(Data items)

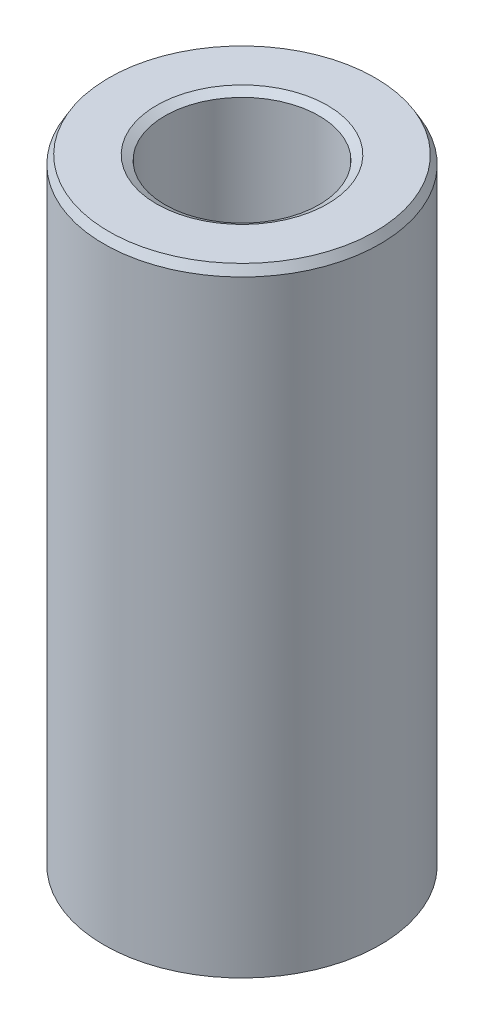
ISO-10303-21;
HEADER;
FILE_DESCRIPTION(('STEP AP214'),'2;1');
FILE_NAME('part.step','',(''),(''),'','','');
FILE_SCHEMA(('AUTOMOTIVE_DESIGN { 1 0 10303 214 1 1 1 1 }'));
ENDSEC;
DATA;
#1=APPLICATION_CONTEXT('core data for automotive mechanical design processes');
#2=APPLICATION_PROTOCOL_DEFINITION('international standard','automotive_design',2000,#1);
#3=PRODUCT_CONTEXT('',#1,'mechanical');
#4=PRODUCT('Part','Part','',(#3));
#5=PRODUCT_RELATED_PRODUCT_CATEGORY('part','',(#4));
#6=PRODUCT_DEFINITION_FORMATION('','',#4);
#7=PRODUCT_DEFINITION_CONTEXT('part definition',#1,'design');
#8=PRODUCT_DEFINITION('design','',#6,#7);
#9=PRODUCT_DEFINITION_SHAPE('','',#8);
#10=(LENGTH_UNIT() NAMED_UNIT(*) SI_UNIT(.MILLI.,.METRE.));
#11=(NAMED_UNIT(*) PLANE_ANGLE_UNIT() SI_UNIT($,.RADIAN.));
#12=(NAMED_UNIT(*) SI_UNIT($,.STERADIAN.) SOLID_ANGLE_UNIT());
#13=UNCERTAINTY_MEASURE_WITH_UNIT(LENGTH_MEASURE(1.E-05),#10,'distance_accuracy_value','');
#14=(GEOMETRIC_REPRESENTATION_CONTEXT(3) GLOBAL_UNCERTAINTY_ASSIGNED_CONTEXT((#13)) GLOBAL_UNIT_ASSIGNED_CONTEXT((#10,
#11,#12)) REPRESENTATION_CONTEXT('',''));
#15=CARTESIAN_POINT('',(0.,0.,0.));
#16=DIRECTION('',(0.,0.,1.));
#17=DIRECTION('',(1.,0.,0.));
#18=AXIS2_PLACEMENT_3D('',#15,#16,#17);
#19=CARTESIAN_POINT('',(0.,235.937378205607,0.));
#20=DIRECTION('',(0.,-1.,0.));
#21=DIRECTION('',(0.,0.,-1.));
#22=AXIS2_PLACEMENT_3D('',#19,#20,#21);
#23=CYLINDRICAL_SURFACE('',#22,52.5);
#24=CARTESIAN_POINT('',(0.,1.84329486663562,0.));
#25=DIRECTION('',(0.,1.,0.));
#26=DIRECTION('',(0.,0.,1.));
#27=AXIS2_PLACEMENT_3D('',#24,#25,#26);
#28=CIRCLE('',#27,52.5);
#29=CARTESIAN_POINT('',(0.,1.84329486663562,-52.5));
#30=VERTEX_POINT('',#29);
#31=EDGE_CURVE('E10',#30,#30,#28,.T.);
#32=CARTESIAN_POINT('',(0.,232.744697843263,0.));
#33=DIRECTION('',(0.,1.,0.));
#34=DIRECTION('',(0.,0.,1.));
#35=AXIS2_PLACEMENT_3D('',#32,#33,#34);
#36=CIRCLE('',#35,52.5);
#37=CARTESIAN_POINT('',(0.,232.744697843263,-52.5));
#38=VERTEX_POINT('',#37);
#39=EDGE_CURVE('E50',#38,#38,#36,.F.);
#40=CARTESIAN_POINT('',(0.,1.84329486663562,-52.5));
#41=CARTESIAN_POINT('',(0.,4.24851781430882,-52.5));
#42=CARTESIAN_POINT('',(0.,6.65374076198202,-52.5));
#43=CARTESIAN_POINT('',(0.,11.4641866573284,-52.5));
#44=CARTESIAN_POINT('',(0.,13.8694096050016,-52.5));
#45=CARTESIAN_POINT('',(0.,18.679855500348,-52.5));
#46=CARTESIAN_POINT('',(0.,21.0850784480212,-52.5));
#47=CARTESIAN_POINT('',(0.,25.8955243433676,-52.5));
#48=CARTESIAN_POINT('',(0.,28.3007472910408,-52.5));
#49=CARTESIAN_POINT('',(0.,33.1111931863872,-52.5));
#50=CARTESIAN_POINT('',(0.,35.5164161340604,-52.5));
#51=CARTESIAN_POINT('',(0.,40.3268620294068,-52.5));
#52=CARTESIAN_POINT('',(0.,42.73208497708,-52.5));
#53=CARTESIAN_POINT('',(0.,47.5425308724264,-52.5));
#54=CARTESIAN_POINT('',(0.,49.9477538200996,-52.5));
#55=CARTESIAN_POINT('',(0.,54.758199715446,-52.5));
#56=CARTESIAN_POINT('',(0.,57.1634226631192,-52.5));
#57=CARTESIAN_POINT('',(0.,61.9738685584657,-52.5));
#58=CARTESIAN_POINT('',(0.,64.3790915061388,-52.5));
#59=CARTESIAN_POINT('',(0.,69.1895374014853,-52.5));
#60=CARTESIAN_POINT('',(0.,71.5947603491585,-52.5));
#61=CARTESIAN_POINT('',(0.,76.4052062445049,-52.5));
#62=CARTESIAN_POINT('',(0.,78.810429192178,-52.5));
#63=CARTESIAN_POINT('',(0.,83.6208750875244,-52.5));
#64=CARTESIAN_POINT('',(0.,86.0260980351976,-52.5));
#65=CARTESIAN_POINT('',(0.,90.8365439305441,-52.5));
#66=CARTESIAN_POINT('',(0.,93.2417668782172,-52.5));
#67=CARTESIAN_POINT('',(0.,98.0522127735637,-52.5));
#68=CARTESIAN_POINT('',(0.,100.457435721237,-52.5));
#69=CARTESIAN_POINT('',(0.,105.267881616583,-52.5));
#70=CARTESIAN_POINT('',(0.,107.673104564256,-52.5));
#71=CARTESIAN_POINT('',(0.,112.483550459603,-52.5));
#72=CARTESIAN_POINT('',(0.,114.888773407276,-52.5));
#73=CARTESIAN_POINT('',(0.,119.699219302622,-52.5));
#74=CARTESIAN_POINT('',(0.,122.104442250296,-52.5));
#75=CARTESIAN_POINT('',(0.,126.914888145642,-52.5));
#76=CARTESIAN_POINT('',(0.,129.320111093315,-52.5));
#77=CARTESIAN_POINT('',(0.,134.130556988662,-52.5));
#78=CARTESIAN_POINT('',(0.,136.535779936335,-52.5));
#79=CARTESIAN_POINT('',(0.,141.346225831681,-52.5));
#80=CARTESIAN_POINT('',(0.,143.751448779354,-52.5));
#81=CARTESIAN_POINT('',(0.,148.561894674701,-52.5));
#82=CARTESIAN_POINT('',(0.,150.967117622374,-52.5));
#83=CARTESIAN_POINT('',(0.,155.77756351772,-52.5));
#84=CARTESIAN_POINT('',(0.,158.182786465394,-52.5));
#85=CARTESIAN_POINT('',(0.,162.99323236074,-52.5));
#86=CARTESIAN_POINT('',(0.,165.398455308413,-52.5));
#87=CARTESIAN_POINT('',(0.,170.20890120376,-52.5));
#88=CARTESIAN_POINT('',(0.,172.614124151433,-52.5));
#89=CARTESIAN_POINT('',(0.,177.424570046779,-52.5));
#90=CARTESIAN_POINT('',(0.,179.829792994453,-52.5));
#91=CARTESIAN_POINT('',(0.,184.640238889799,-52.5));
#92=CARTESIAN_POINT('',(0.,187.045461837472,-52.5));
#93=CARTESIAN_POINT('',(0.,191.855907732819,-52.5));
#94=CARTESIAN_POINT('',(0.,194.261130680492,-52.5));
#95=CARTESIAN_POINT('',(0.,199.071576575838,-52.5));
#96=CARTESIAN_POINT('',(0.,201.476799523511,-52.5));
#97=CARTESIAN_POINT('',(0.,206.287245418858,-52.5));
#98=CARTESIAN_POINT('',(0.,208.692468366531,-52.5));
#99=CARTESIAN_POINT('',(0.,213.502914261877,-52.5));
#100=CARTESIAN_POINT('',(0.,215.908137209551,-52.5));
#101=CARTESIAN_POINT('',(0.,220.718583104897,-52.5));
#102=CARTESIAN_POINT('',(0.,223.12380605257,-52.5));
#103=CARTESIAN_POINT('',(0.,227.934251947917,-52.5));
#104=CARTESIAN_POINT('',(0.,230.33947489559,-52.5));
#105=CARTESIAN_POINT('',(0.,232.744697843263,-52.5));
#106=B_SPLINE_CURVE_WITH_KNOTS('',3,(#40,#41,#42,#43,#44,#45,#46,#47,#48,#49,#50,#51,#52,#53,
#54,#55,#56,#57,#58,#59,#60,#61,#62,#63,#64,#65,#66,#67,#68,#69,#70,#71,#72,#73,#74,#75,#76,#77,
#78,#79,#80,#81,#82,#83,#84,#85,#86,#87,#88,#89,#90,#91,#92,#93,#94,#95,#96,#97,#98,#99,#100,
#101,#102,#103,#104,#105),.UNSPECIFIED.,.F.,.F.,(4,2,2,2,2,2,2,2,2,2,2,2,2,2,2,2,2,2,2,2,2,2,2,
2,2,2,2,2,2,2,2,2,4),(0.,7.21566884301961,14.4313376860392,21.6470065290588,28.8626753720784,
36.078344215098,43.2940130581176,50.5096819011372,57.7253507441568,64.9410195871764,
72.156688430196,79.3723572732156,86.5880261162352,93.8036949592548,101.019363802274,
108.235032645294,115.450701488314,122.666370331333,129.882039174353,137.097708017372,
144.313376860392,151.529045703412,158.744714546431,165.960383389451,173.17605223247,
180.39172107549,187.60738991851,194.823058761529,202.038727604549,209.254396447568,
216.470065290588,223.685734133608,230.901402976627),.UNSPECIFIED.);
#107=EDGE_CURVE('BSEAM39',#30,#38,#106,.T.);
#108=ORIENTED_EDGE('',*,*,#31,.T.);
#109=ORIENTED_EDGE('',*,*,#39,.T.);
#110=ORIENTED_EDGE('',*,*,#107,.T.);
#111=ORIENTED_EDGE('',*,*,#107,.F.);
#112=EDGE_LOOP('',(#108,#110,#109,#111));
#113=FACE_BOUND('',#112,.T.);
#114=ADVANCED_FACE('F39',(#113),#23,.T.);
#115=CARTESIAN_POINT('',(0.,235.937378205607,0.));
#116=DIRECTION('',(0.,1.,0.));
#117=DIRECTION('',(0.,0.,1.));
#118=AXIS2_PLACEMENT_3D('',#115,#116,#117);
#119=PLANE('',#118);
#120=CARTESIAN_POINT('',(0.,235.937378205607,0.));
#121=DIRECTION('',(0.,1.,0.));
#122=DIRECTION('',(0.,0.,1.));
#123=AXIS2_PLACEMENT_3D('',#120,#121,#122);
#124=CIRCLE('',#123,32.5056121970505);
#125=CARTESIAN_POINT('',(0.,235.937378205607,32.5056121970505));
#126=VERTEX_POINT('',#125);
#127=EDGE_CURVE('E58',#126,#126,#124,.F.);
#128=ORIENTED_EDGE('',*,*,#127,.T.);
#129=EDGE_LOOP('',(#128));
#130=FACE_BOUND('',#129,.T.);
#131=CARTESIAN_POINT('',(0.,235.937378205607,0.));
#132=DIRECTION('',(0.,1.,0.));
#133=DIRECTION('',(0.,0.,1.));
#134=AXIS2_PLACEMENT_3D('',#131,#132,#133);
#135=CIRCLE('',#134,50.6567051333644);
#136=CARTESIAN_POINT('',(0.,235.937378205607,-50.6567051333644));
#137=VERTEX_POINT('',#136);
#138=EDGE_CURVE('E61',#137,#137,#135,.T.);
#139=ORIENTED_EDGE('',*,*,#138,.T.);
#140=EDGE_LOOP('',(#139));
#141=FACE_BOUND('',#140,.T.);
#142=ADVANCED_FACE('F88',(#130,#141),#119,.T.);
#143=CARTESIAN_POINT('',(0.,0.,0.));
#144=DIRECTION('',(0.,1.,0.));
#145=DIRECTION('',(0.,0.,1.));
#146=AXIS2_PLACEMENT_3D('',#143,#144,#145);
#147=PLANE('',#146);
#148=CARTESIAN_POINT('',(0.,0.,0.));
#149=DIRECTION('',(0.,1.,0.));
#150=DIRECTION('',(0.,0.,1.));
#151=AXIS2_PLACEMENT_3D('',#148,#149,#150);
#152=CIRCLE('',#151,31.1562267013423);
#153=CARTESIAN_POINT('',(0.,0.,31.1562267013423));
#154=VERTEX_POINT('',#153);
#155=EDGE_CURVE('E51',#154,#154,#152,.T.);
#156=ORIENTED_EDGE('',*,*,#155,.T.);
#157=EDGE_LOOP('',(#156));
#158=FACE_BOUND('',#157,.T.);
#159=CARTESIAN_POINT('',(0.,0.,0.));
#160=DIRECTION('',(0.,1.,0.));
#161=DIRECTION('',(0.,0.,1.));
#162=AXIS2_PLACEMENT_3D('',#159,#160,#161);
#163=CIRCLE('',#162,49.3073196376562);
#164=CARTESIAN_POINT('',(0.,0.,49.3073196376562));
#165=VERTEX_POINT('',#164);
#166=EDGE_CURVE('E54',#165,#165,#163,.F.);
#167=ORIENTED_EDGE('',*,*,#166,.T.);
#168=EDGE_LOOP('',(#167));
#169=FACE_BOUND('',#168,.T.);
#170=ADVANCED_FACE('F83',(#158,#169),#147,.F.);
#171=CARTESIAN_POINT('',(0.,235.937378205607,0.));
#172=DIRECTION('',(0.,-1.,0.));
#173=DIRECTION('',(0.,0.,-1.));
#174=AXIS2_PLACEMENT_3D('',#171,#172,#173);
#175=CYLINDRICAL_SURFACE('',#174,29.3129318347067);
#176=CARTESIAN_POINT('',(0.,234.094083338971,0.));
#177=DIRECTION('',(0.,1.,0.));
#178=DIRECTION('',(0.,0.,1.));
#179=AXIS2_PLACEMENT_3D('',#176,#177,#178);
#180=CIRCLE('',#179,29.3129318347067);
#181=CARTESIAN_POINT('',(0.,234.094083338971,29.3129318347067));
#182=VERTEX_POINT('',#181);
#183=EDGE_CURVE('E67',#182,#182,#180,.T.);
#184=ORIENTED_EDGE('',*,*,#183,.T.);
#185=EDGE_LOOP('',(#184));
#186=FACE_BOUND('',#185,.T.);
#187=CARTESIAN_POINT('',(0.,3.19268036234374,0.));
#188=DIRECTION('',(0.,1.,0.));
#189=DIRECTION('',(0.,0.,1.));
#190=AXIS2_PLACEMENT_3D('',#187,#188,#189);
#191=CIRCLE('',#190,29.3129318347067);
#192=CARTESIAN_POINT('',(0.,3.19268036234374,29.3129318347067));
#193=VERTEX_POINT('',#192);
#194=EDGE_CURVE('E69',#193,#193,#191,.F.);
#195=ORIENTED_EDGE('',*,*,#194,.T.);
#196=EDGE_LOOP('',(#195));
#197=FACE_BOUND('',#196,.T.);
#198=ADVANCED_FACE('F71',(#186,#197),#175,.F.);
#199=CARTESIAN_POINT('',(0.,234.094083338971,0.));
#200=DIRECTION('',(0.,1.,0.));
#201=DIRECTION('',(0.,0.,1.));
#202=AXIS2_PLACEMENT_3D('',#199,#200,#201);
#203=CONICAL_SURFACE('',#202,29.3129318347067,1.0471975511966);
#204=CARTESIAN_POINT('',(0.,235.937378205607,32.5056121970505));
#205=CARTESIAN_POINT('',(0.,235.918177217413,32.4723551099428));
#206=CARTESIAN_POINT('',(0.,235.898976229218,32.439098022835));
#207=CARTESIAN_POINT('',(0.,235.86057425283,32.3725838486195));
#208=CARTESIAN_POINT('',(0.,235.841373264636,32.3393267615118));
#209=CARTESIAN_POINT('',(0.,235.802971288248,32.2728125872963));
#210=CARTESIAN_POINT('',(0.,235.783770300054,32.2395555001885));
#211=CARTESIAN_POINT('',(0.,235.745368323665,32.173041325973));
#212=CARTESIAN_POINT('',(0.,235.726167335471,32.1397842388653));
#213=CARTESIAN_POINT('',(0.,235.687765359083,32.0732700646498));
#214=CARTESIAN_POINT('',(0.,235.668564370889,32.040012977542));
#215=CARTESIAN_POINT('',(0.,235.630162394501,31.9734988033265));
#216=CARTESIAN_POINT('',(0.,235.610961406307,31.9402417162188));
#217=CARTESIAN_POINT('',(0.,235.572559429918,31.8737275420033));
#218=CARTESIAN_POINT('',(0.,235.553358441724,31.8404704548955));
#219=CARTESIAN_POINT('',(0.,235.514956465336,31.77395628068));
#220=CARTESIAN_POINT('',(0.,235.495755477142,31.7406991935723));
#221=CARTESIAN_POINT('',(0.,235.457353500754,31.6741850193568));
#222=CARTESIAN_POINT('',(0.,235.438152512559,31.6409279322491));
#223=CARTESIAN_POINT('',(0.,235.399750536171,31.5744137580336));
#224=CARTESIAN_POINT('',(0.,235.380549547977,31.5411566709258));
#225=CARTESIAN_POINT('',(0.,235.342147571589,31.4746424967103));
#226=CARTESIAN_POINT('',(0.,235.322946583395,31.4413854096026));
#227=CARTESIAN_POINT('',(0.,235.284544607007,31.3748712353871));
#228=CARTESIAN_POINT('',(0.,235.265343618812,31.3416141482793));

_Task_
Please give again the lines above between the line holding "#23=CYLINDRICAL_SURFACE('',#22,52.5);" and the line holding "#31=EDGE_CURVE('E10',#30,#30,#28,.T.);", inclusive, exactly as they are and with nothing added.

_Solved problem_
#23=CYLINDRICAL_SURFACE('',#22,52.5);
#24=CARTESIAN_POINT('',(0.,1.84329486663562,0.));
#25=DIRECTION('',(0.,1.,0.));
#26=DIRECTION('',(0.,0.,1.));
#27=AXIS2_PLACEMENT_3D('',#24,#25,#26);
#28=CIRCLE('',#27,52.5);
#29=CARTESIAN_POINT('',(0.,1.84329486663562,-52.5));
#30=VERTEX_POINT('',#29);
#31=EDGE_CURVE('E10',#30,#30,#28,.T.);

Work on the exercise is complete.